"""

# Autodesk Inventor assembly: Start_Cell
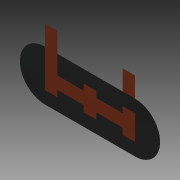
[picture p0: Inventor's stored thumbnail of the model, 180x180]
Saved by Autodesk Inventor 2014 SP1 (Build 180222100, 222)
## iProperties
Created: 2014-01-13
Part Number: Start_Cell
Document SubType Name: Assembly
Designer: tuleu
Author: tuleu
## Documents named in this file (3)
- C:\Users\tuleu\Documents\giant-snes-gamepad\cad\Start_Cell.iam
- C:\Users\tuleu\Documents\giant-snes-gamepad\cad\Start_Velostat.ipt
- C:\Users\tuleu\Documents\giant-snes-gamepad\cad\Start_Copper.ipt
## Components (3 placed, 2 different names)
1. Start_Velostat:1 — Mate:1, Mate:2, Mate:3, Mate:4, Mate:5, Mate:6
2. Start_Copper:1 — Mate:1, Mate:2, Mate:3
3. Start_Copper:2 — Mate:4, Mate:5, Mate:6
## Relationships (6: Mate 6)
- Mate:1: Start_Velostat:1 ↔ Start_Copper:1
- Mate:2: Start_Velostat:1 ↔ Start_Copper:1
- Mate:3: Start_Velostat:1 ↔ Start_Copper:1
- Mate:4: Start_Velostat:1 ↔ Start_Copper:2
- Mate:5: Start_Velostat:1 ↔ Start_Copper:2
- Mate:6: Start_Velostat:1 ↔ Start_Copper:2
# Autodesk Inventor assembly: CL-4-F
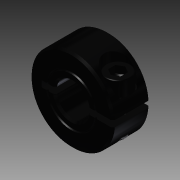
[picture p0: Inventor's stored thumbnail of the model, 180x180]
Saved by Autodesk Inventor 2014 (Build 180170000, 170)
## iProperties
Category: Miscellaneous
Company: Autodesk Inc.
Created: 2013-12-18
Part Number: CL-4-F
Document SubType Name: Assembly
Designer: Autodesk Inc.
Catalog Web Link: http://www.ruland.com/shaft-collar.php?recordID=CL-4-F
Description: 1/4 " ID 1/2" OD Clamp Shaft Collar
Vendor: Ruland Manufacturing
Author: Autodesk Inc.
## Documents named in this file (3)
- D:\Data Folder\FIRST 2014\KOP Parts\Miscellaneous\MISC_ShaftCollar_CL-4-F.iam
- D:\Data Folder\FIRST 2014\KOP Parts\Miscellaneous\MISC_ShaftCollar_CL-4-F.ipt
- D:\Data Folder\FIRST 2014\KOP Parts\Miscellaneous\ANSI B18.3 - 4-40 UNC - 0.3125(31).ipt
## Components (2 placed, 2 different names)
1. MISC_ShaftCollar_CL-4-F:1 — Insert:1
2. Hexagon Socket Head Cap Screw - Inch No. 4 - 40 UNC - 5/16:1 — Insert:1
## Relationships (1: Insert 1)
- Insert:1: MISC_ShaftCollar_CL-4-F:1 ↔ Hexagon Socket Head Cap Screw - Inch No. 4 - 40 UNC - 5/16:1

"""

● WHAT YOU WILL DO
Quote, without any change, each line from the one that contains "Web Link: http://www.ruland.com/shaft-collar.php?recordID=CL-4-F" through the end of the material.

● TASK ANSWER
Catalog Web Link: http://www.ruland.com/shaft-collar.php?recordID=CL-4-F
Description: 1/4 " ID 1/2" OD Clamp Shaft Collar
Vendor: Ruland Manufacturing
Author: Autodesk Inc.
## Documents named in this file (3)
- D:\Data Folder\FIRST 2014\KOP Parts\Miscellaneous\MISC_ShaftCollar_CL-4-F.iam
- D:\Data Folder\FIRST 2014\KOP Parts\Miscellaneous\MISC_ShaftCollar_CL-4-F.ipt
- D:\Data Folder\FIRST 2014\KOP Parts\Miscellaneous\ANSI B18.3 - 4-40 UNC - 0.3125(31).ipt
## Components (2 placed, 2 different names)
1. MISC_ShaftCollar_CL-4-F:1 — Insert:1
2. Hexagon Socket Head Cap Screw - Inch No. 4 - 40 UNC - 5/16:1 — Insert:1
## Relationships (1: Insert 1)
- Insert:1: MISC_ShaftCollar_CL-4-F:1 ↔ Hexagon Socket Head Cap Screw - Inch No. 4 - 40 UNC - 5/16:1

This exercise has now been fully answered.